The problem: Whenever a line in this data holds the word "SSAL", report that line in full.

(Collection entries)

# # # #

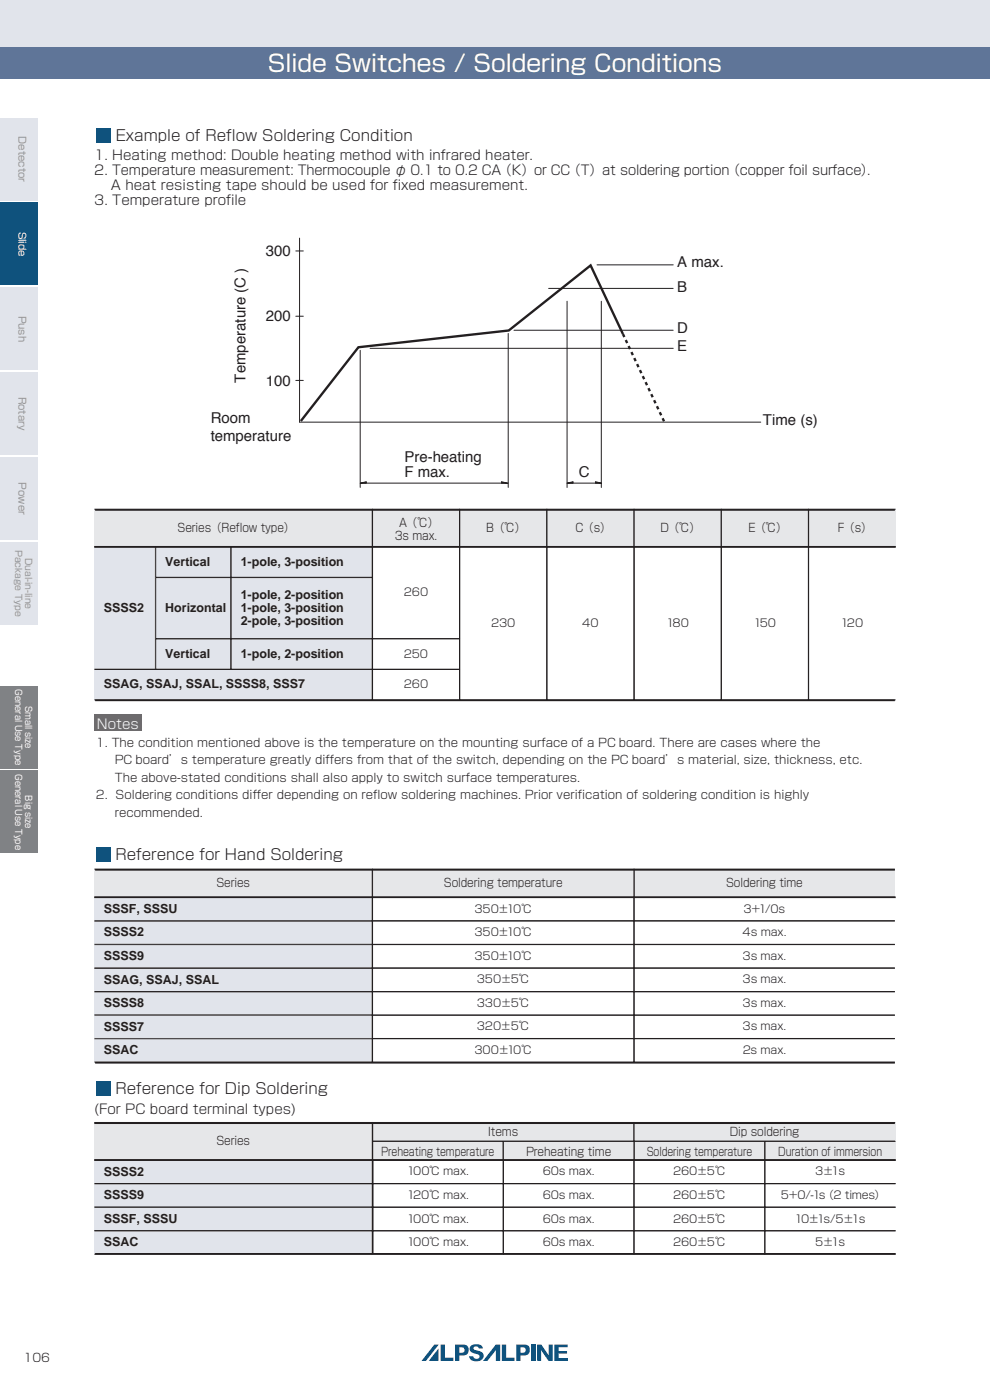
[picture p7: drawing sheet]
<svg xmlns="http://www.w3.org/2000/svg" width="210mm" height="297mm" viewBox="0 0 210 297" stroke-linecap="round" stroke-linejoin="round" font-family="sans-serif">
<path d="M-.1 10h210.1v6.7h-210.1z" fill="#5f7598"/>
<path d="M-.1 -.1h210.1v10.1h-210.1z" fill="#e1e4eb"/>
<path d="M207 10h3v6.7h-3z" fill="#5f7598"/>
<path d="M207 -.1h3v10.1h-3z" fill="#e1e4eb"/>
<g fill="#0f527d">
<path d="M92.1 285.2h1l-2.7 3.5h-1z"/>
<path d="M93 286.1v2.6h-2z"/>
<path d="M99.9 285.5a1.65 1.65 0 0 1 2.6 .6h-.9a.57 .57 0 0 0-.6-.5 .57 .57 0 0 0-.5 .6l.3 .2a1.67 1.67 0 0 1 1.8 1.2 1.62 1.62 0 0 1-1.5 1.2 1.62 1.62 0 0 1-1.6-1.1h.9a.66 .66 0 0 0 .7 .6 .66 .66 0 0 0 .6-.7l-.3-.2a1.92 1.92 0 0 1-1.8-1.3z"/>
<path d="M106.5 285.2h.9v2.8h1.7v.7h-2.6z"/>
<path d="M112.7 285.2h.9v3.5h-.9z"/>
<path d="M113.9 285.2h.9l1.6 2.3v-2.3h.8v3.5h-.9l-1.5-2.3v2.3h-.9z"/>
<path d="M117.6 285.2h2.8v.6h-1.9v.8h1.8v.5h-1.8v1h2v.6h-2.9z"/>
<path d="M93.5 285.2h.9v2.8h1.8v.7h-2.7z"/>
<path d="M105.2 285.2h.9v3.5h-.9v-2.3l-1.8 2.3h-.9z"/>
<path d="M97.4 285.8h.5a.59 .59 0 0 1 .6 .6 .59 .59 0 0 1-.7 .6h-.4zM96.5 285.2v3.5h.9v-1.1h.8a1.16 1.16 0 0 0 1.2-1.1 1.16 1.16 0 0 0-1.1-1.3z"/>
<path d="M110.4 285.8h.4a.59 .59 0 0 1 .7 .6 .59 .59 0 0 1-.7 .6h-.4zM109.5 285.2v3.5h.9v-1.1h.7a1.16 1.16 0 0 0 1.3-1.1 1.16 1.16 0 0 0-1.1-1.3z"/>
</g>
<path d="M-.1 25h8.1v17.5h-8.1z" fill="#e1e4eb"/>
<path d="M-.1 43h8.1v17.5h-8.1z" fill="#0f527d"/>
<g fill="#e1e4eb">
<path d="M-.1 61h8.1v17.5h-8.1z"/>
<path d="M-.1 79h8.1v17.5h-8.1z"/>
<path d="M-.1 97h8.1v17.5h-8.1z"/>
<path d="M-.1 115h8.1v17.5h-8.1z"/>
</g>
<g fill="#808285">
<path d="M-.1 163.5h8.1v17.5h-8.1z"/>
<path d="M-.1 145.5h8.1v17.5h-8.1z"/>
</g>
<path d="M132.1 70.9l-6.8-14.6-17.4 13.8-31.9 3.6-12.2 15.6" fill="none" stroke="#231f20" stroke-width=".5"/>
<path d="M132.1 70.9l8.8 18.7" fill="none" stroke="#231f20" stroke-width=".5" stroke-dasharray=".7 .7" stroke-linecap="butt"/>
<g fill="none" stroke="#231f20" stroke-width=".21">
<path d="M62.7 53.2h1.6M63.5 50.5v39.1h97.9M126.6 56.2h16.2M62.7 67.1h1.6M76.4 74.3v29.1M78.5 73.9h64.3M107.8 70.7v32.7M109 70.1h33.8M116.4 61.2h26.4M120.3 63.9v39.5M127.6 63.9v39.5M62.7 80.7h1.6"/>
<path d="M76.5 102.5h31.3M120.3 102.5h7.3"/>
</g>
<path d="M106.4 102.2l1.3 .3h-1.3z" fill="#231f20"/>
<path d="M106.4 102.2l1.3 .3h-1.3z" fill="none" stroke="#231f20" stroke-width=".21"/>
<path d="M76.4 102.5l1.3-.3v.3z" fill="#231f20"/>
<path d="M76.4 102.5l1.3-.3v.3z" fill="none" stroke="#231f20" stroke-width=".21"/>
<path d="M126.3 102.2l1.3 .3h-1.3z" fill="#231f20"/>
<path d="M126.3 102.2l1.3 .3h-1.3z" fill="none" stroke="#231f20" stroke-width=".21"/>
<path d="M120.3 102.5l1.3-.3v.3z" fill="#231f20"/>
<path d="M120.3 102.5l1.3-.3v.3z" fill="none" stroke="#231f20" stroke-width=".21"/>
<path d="M20 151.6h10v3.5h-10z" fill="#6c6d70"/>
<path d="M20.4 27.3h3v3h-3z" fill="#0f527d"/>
<path d="M20 210.4h59v5h-59z" fill="#e1e4eb"/>
<path d="M20 210.4h59v5h-59" fill="none" stroke="#231f20" stroke-width=".21"/>
<path d="M20 215.4h59v4.9h-59z" fill="#e1e4eb"/>
<path d="M20 215.4h59v4.9h-59" fill="none" stroke="#231f20" stroke-width=".21"/>
<path d="M20 220.4h59v4.9h-59z" fill="#e1e4eb"/>
<path d="M20 220.4h59v4.9h-59" fill="none" stroke="#231f20" stroke-width=".21"/>
<path d="M134.5 242.1h27.7v4h-27.7z" fill="#e6e7e9"/>
<path d="M134.5 242.1h27.7v4h-27.7z" fill="none" stroke="#231f20" stroke-width=".21"/>
<path d="M162.3 242.1h27.6v4h-27.6z" fill="#e6e7e9"/>
<path d="M189.9 242.1h-27.6v4h27.6" fill="none" stroke="#231f20" stroke-width=".21"/>
<path d="M79 242.1h27.7v4h-27.7z" fill="#e6e7e9"/>
<path d="M79 242.1h27.7v4h-27.7z" fill="none" stroke="#231f20" stroke-width=".21"/>
<path d="M106.8 242.1h27.7v4h-27.7z" fill="#e6e7e9"/>
<path d="M106.8 242.1h27.7v4h-27.7z" fill="none" stroke="#231f20" stroke-width=".21"/>
<path d="M20 205.4h59v5h-59z" fill="#e1e4eb"/>
<path d="M20 205.4h59v5h-59" fill="none" stroke="#231f20" stroke-width=".21"/>
<path d="M20 200.4h59v4.9h-59z" fill="#e1e4eb"/>
<path d="M20 200.4h59v4.9h-59" fill="none" stroke="#231f20" stroke-width=".21"/>
<path d="M20 195.4h59v4.9h-59z" fill="#e1e4eb"/>
<path d="M20 195.4h59v4.9h-59" fill="none" stroke="#231f20" stroke-width=".21"/>
<path d="M20 190.4h59v4.9h-59z" fill="#e1e4eb"/>
<path d="M20 190.4h59v4.9h-59" fill="none" stroke="#231f20" stroke-width=".21"/>
<path d="M20 184.4h59v5.9h-59z" fill="#e6e7e9"/>
<path d="M20 184.4h59v5.9h-59" fill="none" stroke="#231f20" stroke-width=".21"/>
<path d="M20 238.1h59v8h-59z" fill="#e6e7e9"/>
<path d="M189.8 190.4h-55.3v4.9h55.3M189.8 195.4h-55.3v4.9h55.3M189.8 200.4h-55.3v4.9h55.3M189.8 205.4h-55.3v5h55.3M189.8 210.4h-55.3v5h55.3h-55.3v4.9h55.3M20 238.1h59v8h-59M189.8 220.4h-55.3v4.9h55.3" fill="none" stroke="#231f20" stroke-width=".21"/>
<path d="M79 238.1h55.5v4h-55.5z" fill="#e6e7e9"/>
<path d="M79 238.1h55.5v4h-55.5z" fill="none" stroke="#231f20" stroke-width=".21"/>
<path d="M134.5 184.4h55.3v5.9h-55.3z" fill="#e6e7e9"/>
<path d="M189.8 184.4h-55.3v5.9h55.3" fill="none" stroke="#231f20" stroke-width=".21"/>
<path d="M134.5 238.1h55.4v4h-55.4z" fill="#e6e7e9"/>
<path d="M79 184.5v40.9M189.9 238.1h-55.4v4h55.4" fill="none" stroke="#231f20" stroke-width=".21"/>
<path d="M20 251.1h59v5h-59z" fill="#e1e4eb"/>
<path d="M20 251.1h59v5h-59" fill="none" stroke="#231f20" stroke-width=".21"/>
<path d="M20 246.1h59v5h-59z" fill="#e1e4eb"/>
<g fill="none" stroke="#231f20" stroke-width=".21">
<path d="M20 246.1h59v5h-59M79.1 251.1h27.6v5h-27.6zM79.1 246.1h27.6v5h-27.6zM79.1 256.1h27.6v5h-27.6zM106.8 251.1h27.7v5h-27.7zM106.8 246.1h27.7v5h-27.7zM106.8 256.1h27.7v5h-27.7zM134.5 251.1h27.7v5h-27.7zM134.5 246.1h27.7v5h-27.7zM190 251.1h-27.7v5h27.7M190 246.1h-27.7v5h27.7M79.1 261.1h27.6v5h-27.6z"/>
<path d="M106.8 261.1h27.7v5h-27.7z"/>
</g>
<path d="M20 256.1h59v5h-59z" fill="#e1e4eb"/>
<path d="M20 256.1h59v5h-59M134.5 256.1h27.7v5h-27.7zM190 256.1h-27.7v5h27.7" fill="none" stroke="#231f20" stroke-width=".21"/>
<path d="M20 261.1h59v5h-59z" fill="#e1e4eb"/>
<path d="M20 261.1h59v5h-59M134.5 261.1h27.7v5h-27.7zM190 261.1h-27.7v5h27.7" fill="none" stroke="#231f20" stroke-width=".21"/>
<path d="M20 246.1h170" fill="none" stroke="#231f20" stroke-width=".35"/>
<g fill="#0f527d">
<path d="M20.4 179.7h3v3h-3z"/>
<path d="M20.4 229.5h3v3h-3z"/>
</g>
<path d="M20 238.3h169.8M20.2 225.5h169.6M20.2 266h169.8" fill="none" stroke="#231f20" stroke-width=".35"/>
<path d="M79 190.4h55.5v4.9h-55.5zM79 195.4h55.5v4.9h-55.5zM79 210.4h55.5v5h-55.5zM79 215.4h55.5v4.9h-55.5zM79 200.4h55.5v4.9h-55.5zM79 205.4h55.5v5h-55.5zM79 220.4h55.5v4.9h-55.5zM79 238.1v27.9" fill="none" stroke="#231f20" stroke-width=".21"/>
<path d="M79 184.4h55.5v5.9h-55.5z" fill="#e6e7e9"/>
<path d="M79 184.4h55.5v5.9h-55.5z" fill="none" stroke="#231f20" stroke-width=".21"/>
<path d="M20 190.4h170M20.2 184.5h169.6" fill="none" stroke="#231f20" stroke-width=".35"/>
<path d="M20 116h13v26h-13z" fill="#e1e4eb"/>
<path d="M20 116h13v26h-13" fill="none" stroke="#231f20" stroke-width=".21"/>
<path d="M33 116h16v6.5h-16z" fill="#e1e4eb"/>
<path d="M33 116h16v6.5h-16z" fill="none" stroke="#231f20" stroke-width=".21"/>
<path d="M49 116h30v6.5h-30z" fill="#e1e4eb"/>
<path d="M49 116h30v6.5h-30z" fill="none" stroke="#231f20" stroke-width=".21"/>
<path d="M33 135.5h16v6.5h-16z" fill="#e1e4eb"/>
<path d="M33 135.5h16v6.5h-16z" fill="none" stroke="#231f20" stroke-width=".21"/>
<path d="M49 135.5h30v6.5h-30z" fill="#e1e4eb"/>
<path d="M49 135.5h30v6.5h-30z" fill="none" stroke="#231f20" stroke-width=".21"/>
<path d="M33 122.5h16v13h-16z" fill="#e1e4eb"/>
<path d="M33 122.5h16v13h-16z" fill="none" stroke="#231f20" stroke-width=".21"/>
<path d="M49 122.5h30v13h-30z" fill="#e1e4eb"/>
<path d="M49 122.5h30v13h-30z" fill="none" stroke="#231f20" stroke-width=".21"/>
<path d="M20 142h59v6.5h-59z" fill="#e1e4eb"/>
<path d="M153 116h18.5v32.5h-18.5zM20 142h59v6.5h-59M79 142h18.5v6.5h-18.5z" fill="none" stroke="#231f20" stroke-width=".21"/>
<path d="M20 108h59v8h-59z" fill="#e6e7e9"/>
<path d="M20 108h59v8h-59M79 116h18.5v19.5h-18.5zM97.5 116h18.5v32.5h-18.5zM116 116h18.5v32.5h-18.5zM134.5 116h18.5v32.5h-18.5zM190 116h-18.5v32.5h18.5M79 135.5h18.5v6.5h-18.5z" fill="none" stroke="#231f20" stroke-width=".21"/>
<path d="M79 108h18.5v8h-18.5z" fill="#e6e7e9"/>
<path d="M79 108h18.5v8h-18.5z" fill="none" stroke="#231f20" stroke-width=".21"/>
<path d="M97.5 108h18.5v8h-18.5z" fill="#e6e7e9"/>
<path d="M97.5 108h18.5v8h-18.5z" fill="none" stroke="#231f20" stroke-width=".21"/>
<path d="M116 108h18.5v8h-18.5z" fill="#e6e7e9"/>
<path d="M116 108h18.5v8h-18.5z" fill="none" stroke="#231f20" stroke-width=".21"/>
<path d="M134.5 108h18.5v8h-18.5z" fill="#e6e7e9"/>
<path d="M134.5 108h18.5v8h-18.5z" fill="none" stroke="#231f20" stroke-width=".21"/>
<path d="M153 108h18.5v8h-18.5z" fill="#e6e7e9"/>
<path d="M153 108h18.5v8h-18.5z" fill="none" stroke="#231f20" stroke-width=".21"/>
<path d="M171.5 108h18.5v8h-18.5z" fill="#e6e7e9"/>
<path d="M79 108v40.6M190 108h-18.5v8h18.5" fill="none" stroke="#231f20" stroke-width=".21"/>
<path d="M20 116h170M20.2 108.2h169.6M20.2 148.6h169.6" fill="none" stroke="#231f20" stroke-width=".35"/>
<text font-size="4.9" fill="#fff" x="56.8" y="15.2">Slide Switches / Soldering Conditions</text>
<g font-size="3.2" fill="#231f20">
<text x="24.5" y="29.8">Example of Reflow Soldering Condition</text>
<text x="56.4" y="54.3">300</text>
<text x="143.7" y="56.7">A max.</text>
<text x="143.7" y="61.9">B</text>
<text x="56.4" y="68.2">200</text>
<text x="143.7" y="70.7">D</text>
<text x="143.7" y="74.6">E</text>
<text x="52.1" y="81.1" transform="rotate(-90 52.1 81.1)">Temperature (C )</text>
<text x="56.4" y="81.8">100</text>
<text x="44.7" y="89.6">Room</text>
<text x="44.7" y="93.5">temperature</text>
<text x="161.8" y="90.1">Time (s)</text>
<text x="85.8" y="101.1">F max.</text>
<text x="85.8" y="98">Pre-heating</text>
<text x="122.8" y="101.3">C</text>
<text x="24.5" y="182.4">Reference for Hand Soldering</text>
<text x="24.5" y="232.1">Reference for Dip Soldering</text>
</g>
<g font-size="2.8" fill="#231f20">
<text x="20" y="34">1. Heating method: Double heating method with infrared heater.</text>
<text x="20" y="37.2">2. Temperature measurement: Thermocouple φ 0.1 to 0.2 CA （K）or CC （T）at soldering portion （copper foil surface）</text>
<text x="23.5" y="40.4">A heat resisting tape should be used for fixed measurement.</text>
<text x="184" y="37.2">.</text>
<text x="20" y="43.5">3. Temperature profile</text>
<text x="20" y="236.2">(For PC board terminal types)</text>
</g>
<text font-size="2.8" fill="#fff" x="20.6" y="154.7">Notes</text>
<g font-size="2.6" fill="#231f20">
<text x="35.1" y="120.1">Vertical</text>
<text x="51.1" y="120.1">1-pole, 3-position</text>
<text x="22.1" y="129.8">SSSS2</text>
<text x="35.1" y="129.8">Horizontal</text>
<text x="51.1" y="127">1-pole, 2-position</text>
<text x="51.1" y="129.8">1-pole, 3-position</text>
<text x="51.1" y="132.6">2-pole, 3-position</text>
<text x="35.1" y="139.6">Vertical</text>
<text x="51.1" y="139.6">1-pole, 2-position</text>
<text x="22.1" y="146.1">SSAG, SSAJ, SSAL, SSSS8, SSS7</text>
<text x="22.1" y="193.7">SSSF, SSSU</text>
<text x="22.1" y="203.7">SSSS9</text>
<text x="22.1" y="198.7">SSSS2</text>
<text x="22.1" y="208.7">SSAG, SSAJ, SSAL</text>
<text x="22.1" y="213.7">SSSS8</text>
<text x="22.1" y="218.6">SSSS7</text>
<text x="22.1" y="223.6">SSAC</text>
<text x="22.1" y="249.4">SSSS2</text>
<text x="22.1" y="254.4">SSSS9</text>
<text x="22.1" y="259.4">SSSF, SSSU</text>
<text x="22.1" y="264.4">SSAC</text>
</g>
<g font-size="2.5" fill="#231f20">
<text x="37.7" y="112.8">Series（Reflow type）</text>
<text x="84.7" y="111.8">A（℃）</text>
<text x="103.2" y="112.8">B（℃）</text>
<text x="122.1" y="112.8">C（s）</text>
<text x="140.1" y="112.8">D（℃）</text>
<text x="158.7" y="112.8">E（℃）</text>
<text x="177.7" y="112.8">F（s）</text>
<text x="83.7" y="114.6">3s max.</text>
<text x="20.4" y="158.4">1. The condition mentioned above is the temperature on the mounting surface of a PC board. There are cases where the</text>
<text x="24.4" y="162.1">PC board’s temperature greatly differs from that of the switch, depending on the PC board’s material, size, thickness, etc.</text>
<text x="24.4" y="165.8">The above-stated conditions shall also apply to switch surface temperatures.</text>
<text x="20.4" y="169.5">2. Soldering conditions differ depending on reflow soldering machines. Prior verification of soldering condition is highly</text>
<text x="24.4" y="173.2">recommended.</text>
<text x="45.9" y="188.2">Series</text>
<text x="94.2" y="188.2">Soldering temperature</text>
<text x="154" y="188.2">Soldering time</text>
<text x="45.9" y="242.9">Series</text>
<text x="80.9" y="245.3">Preheating temperature</text>
<text x="103.6" y="240.9">Items</text>
<text x="111.6" y="245.3">Preheating time</text>
<text x="137.2" y="245.3">Soldering temperature</text>
<text x="154.8" y="240.9">Dip soldering</text>
<text x="165.1" y="245.3">Duration of immersion</text>
<text x="5" y="289">106</text>
</g>
<g font-size="2.3" fill="#231f20">
<text x="85.7" y="126.5">260</text>
<text x="104.2" y="133">230</text>
<text x="123.5" y="133">40</text>
<text x="141.3" y="133">180</text>
<text x="159.8" y="133">150</text>
<text x="178.3" y="133">120</text>
<text x="85.7" y="139.5">250</text>
<text x="85.7" y="146">260</text>
<text x="100.6" y="193.6">350±10℃</text>
<text x="157.7" y="193.6">3+1/0s</text>
<text x="100.6" y="198.6">350±10℃</text>
<text x="100.6" y="203.6">350±10℃</text>
<text x="157.5" y="198.6">4s max.</text>
<text x="157.5" y="203.6">3s max.</text>
<text x="101.1" y="208.6">350±5℃</text>
<text x="157.5" y="208.6">3s max.</text>
<text x="101.1" y="213.6">330±5℃</text>
<text x="157.5" y="213.6">3s max.</text>
<text x="101.2" y="218.6">320±5℃</text>
<text x="157.5" y="218.6">3s max.</text>
<text x="100.6" y="223.6">300±10℃</text>
<text x="157.5" y="223.6">2s max.</text>
<text x="86.3" y="249.4">100℃ max.</text>
<text x="115.1" y="249.4">60s max.</text>
<text x="142.8" y="249.4">260±5℃</text>
<text x="172.9" y="249.4">3±1s</text>
<text x="86.3" y="254.4">120℃ max.</text>
<text x="115.1" y="254.4">60s max.</text>
<text x="142.8" y="254.4">260±5℃</text>
<text x="165.6" y="254.4">5+0/-1s （2 times）</text>
<text x="86.3" y="259.4">100℃ max.</text>
<text x="115.1" y="259.4">60s max.</text>
<text x="142.8" y="259.4">260±5℃</text>
<text x="168.5" y="259.4">10±1s/5±1s</text>
<text x="86.3" y="264.4">100℃ max.</text>
<text x="115.1" y="264.4">60s max.</text>
<text x="142.8" y="264.4">260±5℃</text>
<text x="172.9" y="264.4">5±1s</text>
</g>
<g font-size="2.1" fill="#939598">
<text x="4" y="28.9" transform="rotate(90 4 28.9)">Detector</text>
<text x="4" y="67" transform="rotate(90 4 67)">Push</text>
<text x="4" y="84.1" transform="rotate(90 4 84.1)">Rotary</text>
<text x="4" y="102.3" transform="rotate(90 4 102.3)">Power</text>
</g>
<text font-size="2.1" fill="#fff" x="4" y="49.2" transform="rotate(90 4 49.2)">Slide</text>
<g font-size="1.9" fill="#939598">
<text x="3.2" y="116.6" transform="rotate(90 3.2 116.6)">Package Type</text>
<text x="5.3" y="118.3" transform="rotate(90 5.3 118.3)">Dual-in-line</text>
</g>
<g font-size="1.9" fill="#fff">
<text x="3.2" y="146.2" transform="rotate(90 3.2 146.2)">General Use Type</text>
<text x="5.3" y="149.7" transform="rotate(90 5.3 149.7)">Small size</text>
<text x="3.2" y="164.2" transform="rotate(90 3.2 164.2)">General Use Type</text>
<text x="5.3" y="168.7" transform="rotate(90 5.3 168.7)">Big size</text>
</g>
</svg>

# # # #

Expected answer:
<text x="22.1" y="146.1">SSAG, SSAJ, SSAL, SSSS8, SSS7</text>
<text x="22.1" y="208.7">SSAG, SSAJ, SSAL</text>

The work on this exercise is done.